Experiment 6. Accuracy and precision in the measurement of temperature


        In many of the experiments we do in Chemistry it is required that we measure the actual temperature of a liquid. On some occasions it is the temperature change which accompanies a reaction, that is required. The accuracy and precision of the thermometer are probably the main factors which affect such measurement, but good technique is also important to ensure that the true temperature is measured.
        Most thermometers are calibrated so that they read correctly when the entire column of mercury is immersed in the solution whose temperature is being measured. It is not practical to do this every time a measurement is made, but we should at least have all the bulb covered, whenever measurements are made. The liquid should be well mixed to ensure a uniform temperature throughout its volume, and the thermometer should remain long enough in the liquid to ensure that it comes to thermal equilibrium at the temperature which is being measured.
        When temperature changes are being measured, one can reduce the error by taking both temperatures with the same thermometer.
        In this experiment the accuracy of two thermometers is investigated by observing their readings at the ice point and at the boiling point of water. We also investigate how some factors which are part of the measurement technique, can affect the reading obtained.

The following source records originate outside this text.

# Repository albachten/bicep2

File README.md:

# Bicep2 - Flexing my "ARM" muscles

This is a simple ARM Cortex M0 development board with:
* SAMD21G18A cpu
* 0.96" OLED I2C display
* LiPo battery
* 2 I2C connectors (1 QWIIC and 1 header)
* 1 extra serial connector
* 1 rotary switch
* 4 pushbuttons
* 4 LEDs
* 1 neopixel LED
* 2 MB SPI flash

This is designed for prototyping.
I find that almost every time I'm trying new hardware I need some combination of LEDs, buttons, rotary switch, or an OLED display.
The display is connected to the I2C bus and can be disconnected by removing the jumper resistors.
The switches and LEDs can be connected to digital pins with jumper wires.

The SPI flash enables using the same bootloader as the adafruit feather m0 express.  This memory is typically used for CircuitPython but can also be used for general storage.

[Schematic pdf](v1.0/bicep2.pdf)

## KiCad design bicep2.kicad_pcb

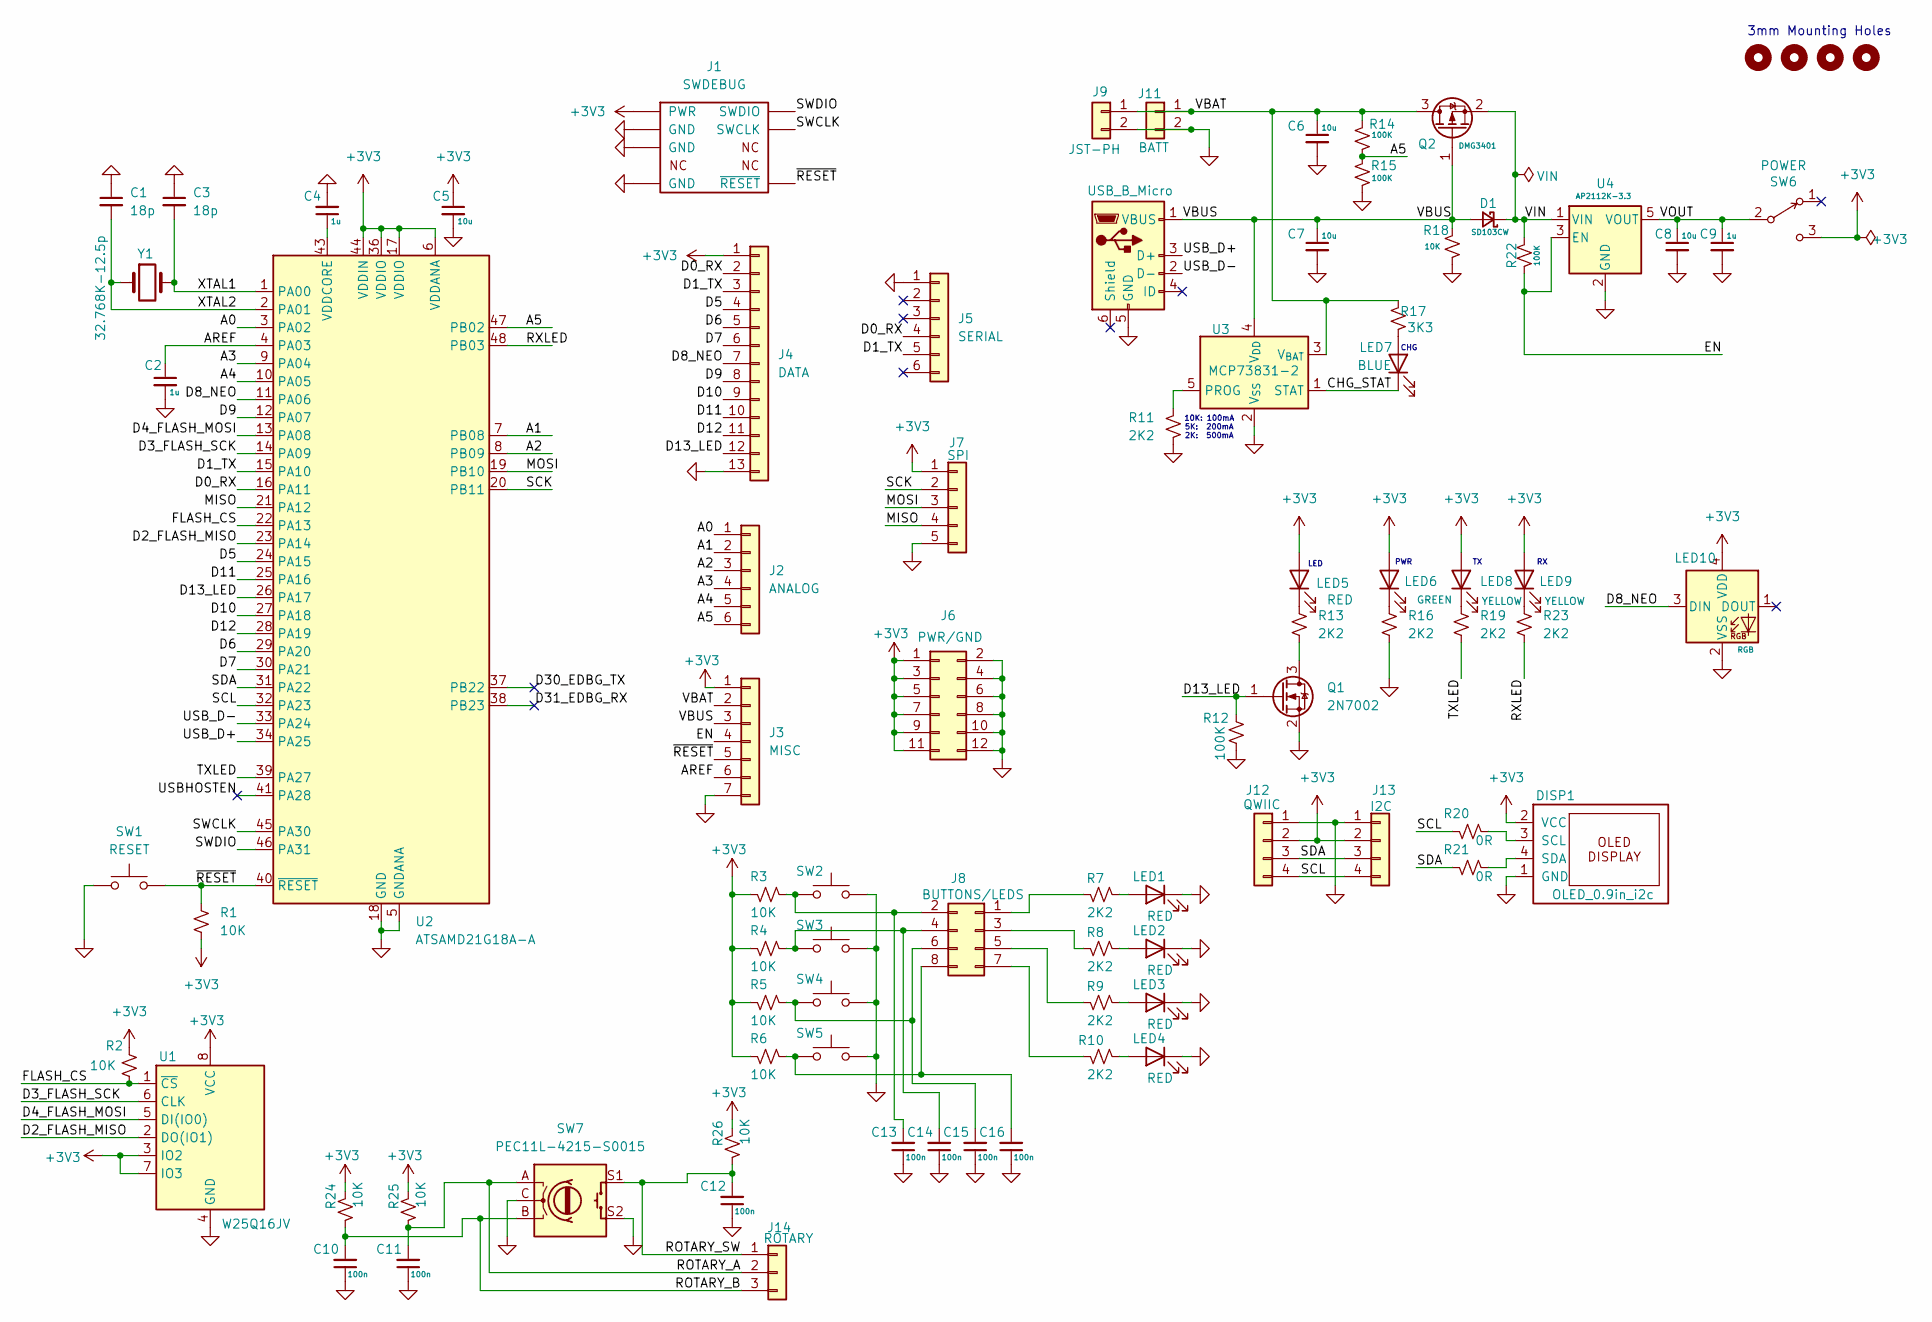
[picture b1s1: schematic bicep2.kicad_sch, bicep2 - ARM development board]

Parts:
C1, C3: 18p; C_0805_2012Metric
C2, C4, C9: 1u; C_0805_2012Metric
C5, C6, C7, C8: 10u; C_0805_2012Metric
C10, C11, C12, C13, C14, C15, C16: 100n; C_0805_2012Metric
D1: SD103CW; D_SOD-123
DISP1: OLED_0.9in_i2c; OLED_0.9in_i2c_weewooday
H1, H2, H3, H4: MountingHole_Pad; MountingHole_3.2mm_M3_ISO7380_Pad
J1: SWDEBUG; CortexDebug
J2: ANALOG; PinHeader_1x06_P2.54mm_Vertical
J3: MISC; PinHeader_1x07_P2.54mm_Vertical
J4: DATA; PinHeader_1x13_P2.54mm_Vertical
J5: SERIAL; PinHeader_1x06_P2.54mm_Vertical
J6: PWR/GND; PinHeader_2x06_P2.54mm_Vertical
J7: SPI; PinHeader_1x05_P2.54mm_Vertical
J8: BUTTONS/LEDS; PinHeader_2x04_P2.54mm_Vertical
J9: JST-PH; JST_PH_S2B-PH-SM4-TB_1x02-1MP_P2.00mm_Horizontal
J10: USB_B_Micro; USB_Micro-B_Amphenol_10118194_Horizontal
J11: BATT; PinHeader_1x02_P2.54mm_Vertical
J12: QWIIC; QWIIC_JST_SH_BM04B-SRSS-TB_1x04-1MP_P1.00mm_Vertical
J13: I2C; PinHeader_1x04_P2.54mm_Vertical
J14: ROTARY; PinHeader_1x03_P2.54mm_Vertical
LED1, LED2, LED3, LED4, LED5: RED; LED_0805_2012Metric
LED6: GREEN; LED_0805_2012Metric
LED7: BLUE; LED_0805_2012Metric
LED8, LED9: YELLOW; LED_0805_2012Metric
LED10: RGB; LED_WS2812B-2020_PLCC4_2.0x2.0mm
Q1: 2N7002; SOT-23
Q2: DMG3401; SOT-23
R1, R2, R3, R4, R5, R6, R18, R24, R25, R26: 10K; R_0805_2012Metric
R7, R8, R9, R10, R11, R13, R16, R19, R23: 2K2; R_0805_2012Metric
R12, R14, R15, R22: 100K; R_0805_2012Metric
R17: 3K3; R_0805_2012Metric
R20, R21: 0R; R_0805_2012Metric
SW1: RESET; TL3305B_SPST_PushButton
SW2, SW3, SW4, SW5: TL3305B; TL3305B_SPST_PushButton
SW6: POWER; EG1218_SPDT_Slide_Switch
SW7: PEC11L-4215-S0015; RotaryEncoder_Alps_EC11E-Switch_Vertical_H20mm
U1: W25Q16JV; SOIC-8_5.23x5.23mm_P1.27mm
U2: ATSAMD21G18A-A; TQFP-48_7x7mm_P0.5mm
U3: MCP73831-2; SOT-23-5
U4: AP2112K-3.3; SOT-23-5
Y1: 32.768K-12.5p; Crystal_SMD_G8-2Pin_3.2x1.5mm

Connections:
+3V3: C5.1, DISP1.2 (VCC), J1.1 (PWR), J3.1, J4.1, J6.1, J6.3, J6.5, J6.7, J6.9, J6.11, J7.1, J12.2, J13.2, LED5.2 (A), LED6.2 (A), LED8.2 (A), LED9.2 (A), LED10.4 (VDD), R1.2, R2.2, R3.1, R4.1, R5.1, R6.1, R24.2, R25.2, R26.2, SW6.3 (C), U1.3 (IO2), U1.7 (IO3), U1.8 (VCC), U2.6 (VDDANA), U2.17 (VDDIO), U2.36 (VDDIO), U2.44 (VDDIN)
/A0: J2.1, U2.3 (PA02)
/A1: J2.2, U2.7 (PB08)
/A2: J2.3, U2.8 (PB09)
/A3: J2.4, U2.9 (PA04)
/A4: J2.5, U2.10 (PA05)
/A5: J2.6, R14.1, R15.2, U2.47 (PB02)
/AREF: C2.1, J3.6, U2.4 (PA03)
/CHG_STAT: LED7.1 (K), U3.1 (STAT)
/D0_RX: J4.2, J5.4, U2.16 (PA11)
/D1_TX: J4.3, J5.5, U2.15 (PA10)
/D2_FLASH_MISO: U1.2 (DO(IO1)), U2.23 (PA14)
/D3_FLASH_SCK: U1.6 (CLK), U2.14 (PA09)
/D4_FLASH_MOSI: U1.5 (DI(IO0)), U2.13 (PA08)
/D5: J4.4, U2.24 (PA15)
/D6: J4.5, U2.29 (PA20)
/D7: J4.6, U2.30 (PA21)
/D8_NEO: J4.7, LED10.3 (DIN), U2.11 (PA06)
/D9: J4.8, U2.12 (PA07)
/D10: J4.9, U2.27 (PA18)
/D11: J4.10, U2.25 (PA16)
/D12: J4.11, U2.28 (PA19)
/D13_LED: J4.12, Q1.1 (G), R12.1, U2.26 (PA17)
/D30_EDBG_TX: U2.37 (PB22)
/D31_EDBG_RX: U2.38 (PB23)
/EN: J3.4, R22.1, U4.3 (EN)
/FLASH_CS: R2.1, U1.1 (~CS), U2.22 (PA13)
/MISO: J7.4, U2.21 (PA12)
/MOSI: J7.3, U2.19 (PB10)
/ROTARY_A: C11.2, J14.2, R25.1, SW7.A
/ROTARY_B: C10.2, J14.3, R24.1, SW7.B
/ROTARY_SW: C12.2, J14.1, R26.1, SW7.S1
/RXLED: R23.2, U2.48 (PB03)
/SCK: J7.2, U2.20 (PB11)
/SCL: J12.4, J13.4, R20.1, U2.32 (PA23)
/SDA: J12.3, J13.3, R21.1, U2.31 (PA22)
/SWCLK: J1.4 (SWCLK), U2.45 (PA30)
/SWDIO: J1.2 (SWDIO), U2.46 (PA31)
/TXLED: R19.2, U2.39 (PA27)
/USBHOSTEN: U2.41 (PA28)
/USB_D+: J10.3 (D+), U2.34 (PA25)
/USB_D-: J10.2 (D-), U2.33 (PA24)
/VBAT: C6.1, J3.2, J9.1, J11.1, Q2.3 (D), R14.2, R17.1, U3.3 (V_{BAT})
/VBUS: C7.1, D1.2 (A), J3.3, J10.1 (VBUS), Q2.1 (G), R18.2, U3.4 (V_{DD})
/VIN: D1.1 (K), Q2.2 (S), R22.2, U4.1 (VIN)
/VOUT: C8.1, C9.1, SW6.2 (B), U4.5 (VOUT)
/XTAL1: C3.2, U2.1 (PA00), Y1.2
/XTAL2: C1.2, U2.2 (PA01), Y1.1
/~RESET: J1.10 (~RESET), J3.5, R1.1, SW1.2, U2.40 (~RESET)
GND: C1.1, C2.2, C3.1, C4.2, C5.2, C6.2, C7.2, C8.2, C9.2, C10.1, C11.1, C12.1, C13.1, C14.1, C15.1, C16.1, DISP1.1 (GND), J1.3 (GND), J1.5 (GND), J1.9 (GND), J3.7, J4.13, J5.1, J6.2, J6.4, J6.6, J6.8, J6.10, J6.12, J7.5, J9.2, J10.5 (GND), J11.2, J12.1, J13.1, LED1.1 (K), LED2.1 (K), LED3.1 (K), LED4.1 (K), LED10.2 (VSS), Q1.2 (S), R11.2, R12.2, R15.1, R16.2, R18.1, SW1.1, SW2.1, SW3.1, SW4.1, SW5.1, SW7.C, SW7.S2, U1.4 (GND), U2.5 (GNDANA), U2.18 (GND), U2.35 (GND), U2.42 (GND), U3.2 (V_{SS}), U4.2 (GND)
unnamed: DISP1.3 (SCL), R20.2
unnamed: DISP1.4 (SDA), R21.2
unnamed: J8.1, R7.1
unnamed: C13.2, J8.2, R3.2, SW2.2
unnamed: J8.3, R8.1
unnamed: C14.2, J8.4, R4.2, SW3.2
unnamed: J8.5, R9.1
unnamed: C15.2, J8.6, R5.2, SW4.2
unnamed: J8.7, R10.1
unnamed: C16.2, J8.8, R6.2, SW5.2
unnamed: LED1.2 (A), R7.2
unnamed: LED2.2 (A), R8.2
unnamed: LED3.2 (A), R9.2
unnamed: LED4.2 (A), R10.2
unnamed: LED5.1 (K), R13.1
unnamed: LED6.1 (K), R16.1
unnamed: LED7.2 (A), R17.2
unnamed: LED8.1 (K), R19.1
unnamed: LED9.1 (K), R23.1
unnamed: Q1.3 (D), R13.2
unnamed: C4.1, U2.43 (VDDCORE)
unnamed: R11.1, U3.5 (PROG)

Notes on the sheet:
PWR
3mm Mounting Holes
10K: 100mA 5K: 200mA 2K: 500mA
LED
CHG

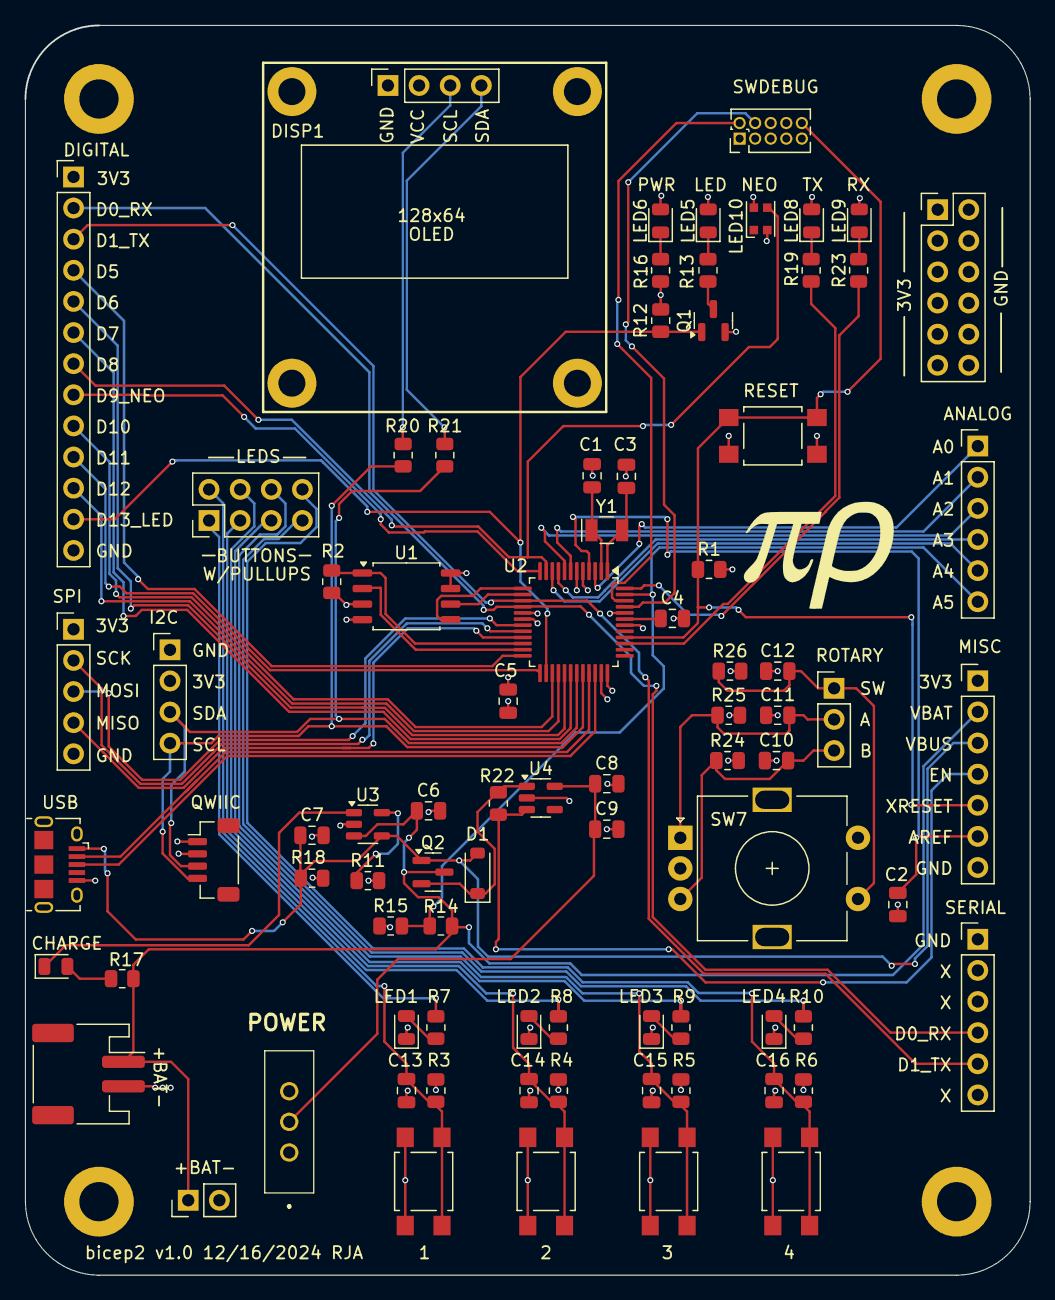
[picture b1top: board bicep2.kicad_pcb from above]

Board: 4 copper layers, 82.0 x 102.0 mm, 88 parts (1 on the bottom side), 69 nets.

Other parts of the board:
G1: LOGO; pirho_0.50
G2: LOGO; pirho

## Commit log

2024-12-16 v1.0

Please note that thermometers are expensive and need to be handled with care.

        Deep funnel with rubber tubing and clamp, two 250-cm3 beakers, 250-cm3 flask, 2 thermometers with different colour scales and reading in the range -10 to 110 °C, timer (not necessary if the person has a digital watch), ring stand with 2 clamps, thread to suspend thermometers.

  1. Leave the thermometers in a beaker of tap water (200 cm3) with their bulbs completely immersed.
  2. Obtain a glass funnel with a piece of rubber tubing and a clip attached to its stem. With the clip closed, fill the funnel with crushed ice. Clamp the funnel onto a ring stand and leave for a few minutes.
  3. Open the clip and allow the water formed to run off. Now add a small amount of distilled water and leave again for about five minutes.
  4. Read and record the temperature shown by the two thermometers in the room temperature water, and transfer the two to the ice bath, again, with their bulbs completely immersed. They should be suspended from a clamp so that the bulbs are about mid-way in the depth of the ice bath.
  5. Start reading and recording the two temperatures (of thermometer A & B) at 1 min intervals, and continue to do this until the temperature has stopped decreasing for at least four readings.
  6. Remove the thermometers and let them come to room temperature in the beaker with distilled water. Repeat the procedure in 5, but this time suspend the thermometers so that only about of the bulb is immersed in the ice bath. Again record temperatures at 1 min intervals until the temperature has stopped decreasing for four readings.
  7. Remove the thermometers from the ice bath and leave them in the room temperature water bath for a while. Set some distilled water to boil in a conical flask (add 3 or 4 boiling chips). and clamp at the neck to ensure that you do not spill hot water over yourself or your partner).
  8. Plot the four sets of readings from parts 5 and 6, putting the two curves for the same thermometer on the same graph (temperature vs. time).
  9. Insert the two thermometers into the boiling water with the column of mercury immersed as far as possible without the bulb being too close to the bottom of the flask, and take readings until the temperature has stopped increasing for at least four readings. (Be careful not to spill hot water on anyone or get your hand scorched in the steam).
  10. Return the thermometer to the beaker of water at room temperature, leave for about 10 min and note the final temperature of the water in this beaker.
  1. Tabulate the temperatures recorded for the ice point and the boiling point of water for the two thermometers, and include the “standard” values in the table. Our experience is that the procedure used, gives a temperature for the ice point of 0.0 ± 0.1 °C. The “standard” boiling for water will be given each day, taking the atmospheric pressure of the day into account. Give an estimate of the precision of the readings in the heading of each column of your table.
  2. How long do the thermometers take to come to equilibrium with the ice bath in 5 and 6 above?
  3. Are the temperatures between the ice-bath temperatures in 5 and 6 significant? Comment.
  4. What change in temperature has occurred in the water which has been sitting in the beaker at room temperature? Take the difference using the same thermometer reading before and after, then take the difference using readings from different thermometers. Compare the results.
  5. Comment on the accuracy of the thermometers according to the results you tabulated in 1.
  6. Comment on the accuracy of the temperature difference obtained in 4.
  7. Estimate (in Joules) the heat lost or absorbed by the water in the beaker at room temperature during the course of the day, and determine the error in this heat, which is due to the uncertainty in the temperature readings. Assume that you have 200.0 (± 0.1) g of water.
Q= m c ΔT
where Q = heat change, m = mass, c = specific heat capacity and ΔT = change in temperature.